Dall’era del “trapelo” la sua vita giunge all’inizio degli anni
Ottanta, quando in Occidente inizia la rivoluzione
post-industriale, arriva l’informatica e l’economia finanziaria
sopravanza quella basata sulla produzione dei beni. Alla lunga
temporalità del personaggio si aggiunge una vita ricca di luoghi e
di esperienze. C’è il Prezzolini del Leonardo e de La Voce, degli
ardori del primo Novecento, delle avanguardie per il rinnovamento
culturale dell’Italia. Il Prezzolini antidemocratico. Il
Prezzolini del rapporto con Croce. L’amico di Mussolini.
L’entusiasta del fascismo. L’esule volontario. Il biografo di
Machiavelli. Il Prezzolini a Parigi. Il Prezzolini americano,
docente di letteratura italiana alla Columbia University. Il
direttore di Casa Italia che fa scoprire la cultura italiana agli
americani e a quegli italoamericani che l’avevano sepolta nel loro
passato. Il giornalista instancabile delle corrispondenze a Il
Borghese e al Tempo e Resto del Carlino capace di cogliere con il
suo occhio arguto fatti e circostanze del costume degli States
sfuggite ai tanti corrispondenti. E c’è il ritorno, in un luogo a
prima vista singolare: Vietri sul Mare, in provincia di Salerno.
Dal momento della sua scomparsa, come spesso accade nel costume
italiano, secondo cui dei morti bisogna per forza parlar bene,
Prezzolini ha finito per raccogliere solo giudizi positivi. Questo
non gli rende un servigio utile, al pari del tentativo di
dimenticarlo quando era ancora in vita. Per un giudizio articolato
vale la pena affidarsi a Carlo Bo, che lo incontrò due volte:
“Prezzolini ha grandi meriti che nessuno saprebbe o potrebbe mai
togliergli, basterebbe La Voce, questa rivista, forse l’ultima
rivista di gruppo che aveva formato una generazione. Di fronte
alla Critica e all’impresa di Croce, il foglio di Prezzolini e dei
suoi amici ha avuto una funzione di allargamento e di
sollecitazione: cosa che del resto lo stesso Croce aveva ammesso
senza equivoco. Ma oltre La Voce, c’è tutta l’opera del saggista,
del prosatore di idee e anche del polemista e dell’inquietatore.

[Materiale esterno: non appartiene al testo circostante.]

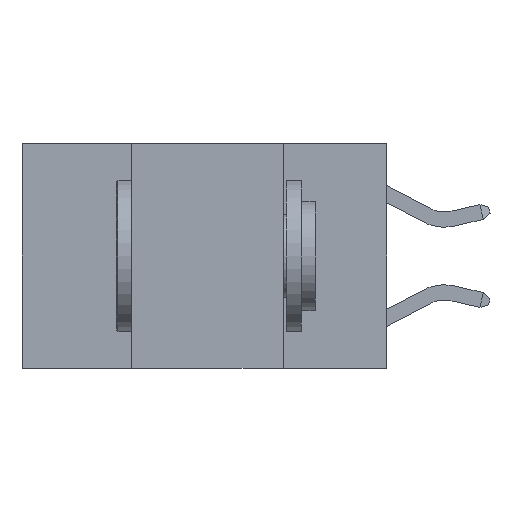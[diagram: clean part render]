
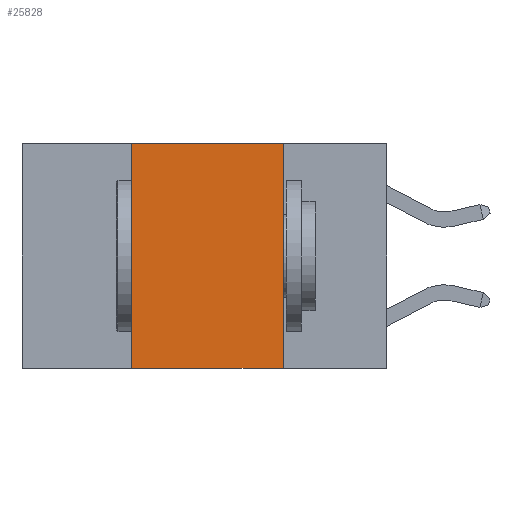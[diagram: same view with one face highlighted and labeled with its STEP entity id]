
A CAD part, left-side view. The second image highlights one B-rep face of the part: STEP entity #25828.
In plain terms, the highlighted planar face has unit normal (-1, 0, 0).
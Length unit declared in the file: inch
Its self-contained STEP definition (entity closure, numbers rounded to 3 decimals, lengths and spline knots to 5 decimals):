
#1135 = ORIENTED_EDGE ( 'NONE', *, *, #9739, .F. ) ;
#1150 = VERTEX_POINT ( 'NONE', #23012 ) ;
#1976 = DIRECTION ( 'NONE',  ( 0., 0., -1. ) ) ;
#2489 = CARTESIAN_POINT ( 'NONE',  ( 0., 0.42, 0. ) ) ;
#2857 = CARTESIAN_POINT ( 'NONE',  ( 0., 0.17, 0. ) ) ;
#2984 = CARTESIAN_POINT ( 'NONE',  ( 0., 0.17, -0.37 ) ) ;
#3422 = VECTOR ( 'NONE', #10357, 39.37008 ) ;
#3441 = ORIENTED_EDGE ( 'NONE', *, *, #26865, .T. ) ;
#4507 = CARTESIAN_POINT ( 'NONE',  ( 0., 0.6, 0. ) ) ;
#5641 = VECTOR ( 'NONE', #6205, 39.37008 ) ;
#6205 = DIRECTION ( 'NONE',  ( 0., -1., 0. ) ) ;
#6783 = CARTESIAN_POINT ( 'NONE',  ( 0., 0.6, 0. ) ) ;
#6933 = DIRECTION ( 'NONE',  ( 0., -1., 0. ) ) ;
#7916 = CARTESIAN_POINT ( 'NONE',  ( 0., 0.17, 0. ) ) ;
#8054 = EDGE_LOOP ( 'NONE', ( #18861, #1135, #26654, #3441 ) ) ;
#9739 = EDGE_CURVE ( 'NONE', #22790, #9979, #10816, .T. ) ;
#9979 = VERTEX_POINT ( 'NONE', #2857 ) ;
#10357 = DIRECTION ( 'NONE',  ( 0., 0., -1. ) ) ;
#10816 = LINE ( 'NONE', #4507, #27538 ) ;
#14613 = VERTEX_POINT ( 'NONE', #2984 ) ;
#16441 = DIRECTION ( 'NONE',  ( 1., 0., 0. ) ) ;
#16897 = LINE ( 'NONE', #20516, #5641 ) ;
#16934 = AXIS2_PLACEMENT_3D ( 'NONE', #6783, #16441, #1976 ) ;
#18861 = ORIENTED_EDGE ( 'NONE', *, *, #21683, .F. ) ;
#19309 = DIRECTION ( 'NONE',  ( 0., 0., 1. ) ) ;
#20516 = CARTESIAN_POINT ( 'NONE',  ( 0., 0.6, -0.37 ) ) ;
#21041 = FACE_OUTER_BOUND ( 'NONE', #8054, .T. ) ;
#21683 = EDGE_CURVE ( 'NONE', #9979, #14613, #22578, .T. ) ;
#22578 = LINE ( 'NONE', #7916, #3422 ) ;
#22790 = VERTEX_POINT ( 'NONE', #23615 ) ;
#23012 = CARTESIAN_POINT ( 'NONE',  ( 0., 0.42, -0.37 ) ) ;
#23474 = EDGE_CURVE ( 'NONE', #1150, #22790, #29096, .T. ) ;
#23565 = VECTOR ( 'NONE', #19309, 39.37008 ) ;
#23615 = CARTESIAN_POINT ( 'NONE',  ( 0., 0.42, 0. ) ) ;
#25828 = ADVANCED_FACE ( 'NONE', ( #21041 ), #28234, .F. ) ;
#26654 = ORIENTED_EDGE ( 'NONE', *, *, #23474, .F. ) ;
#26865 = EDGE_CURVE ( 'NONE', #1150, #14613, #16897, .T. ) ;
#27538 = VECTOR ( 'NONE', #6933, 39.37008 ) ;
#28234 = PLANE ( 'NONE',  #16934 ) ;
#29096 = LINE ( 'NONE', #2489, #23565 ) ;

Non ci sembra che ci siano stati molti altri esempi da mettergli
accanto; c’è stato, sì, Gobetti ma è un caso particolare e in un
contesto storico tutto diverso”. Nelle sue pagine Prezzolini
profetizza i grandi temi della cultura occidentale che ancora oggi
affrontano la condizione dell’intellettuale, in particolare
l’indagine sul rapporto non facile tra cultura e politica. Anzi, è
lui l’inventore di un nuovo ceto intellettuale, capace di creare e
orientare il consenso, molto tempo prima che Gramsci elaborasse le
sue teorie sull’egemonia. Per questo Augusto Del Noce scrive:
“L’opera di Prezzolini, vista nella continuità dei suoi momenti,
che pur sembrano contraddittori, è il documento primo di cui lo
storico dovrà servirsi per interpretare la storia culturale
italiana del nostro secolo sotto l’aspetto etico-politico”.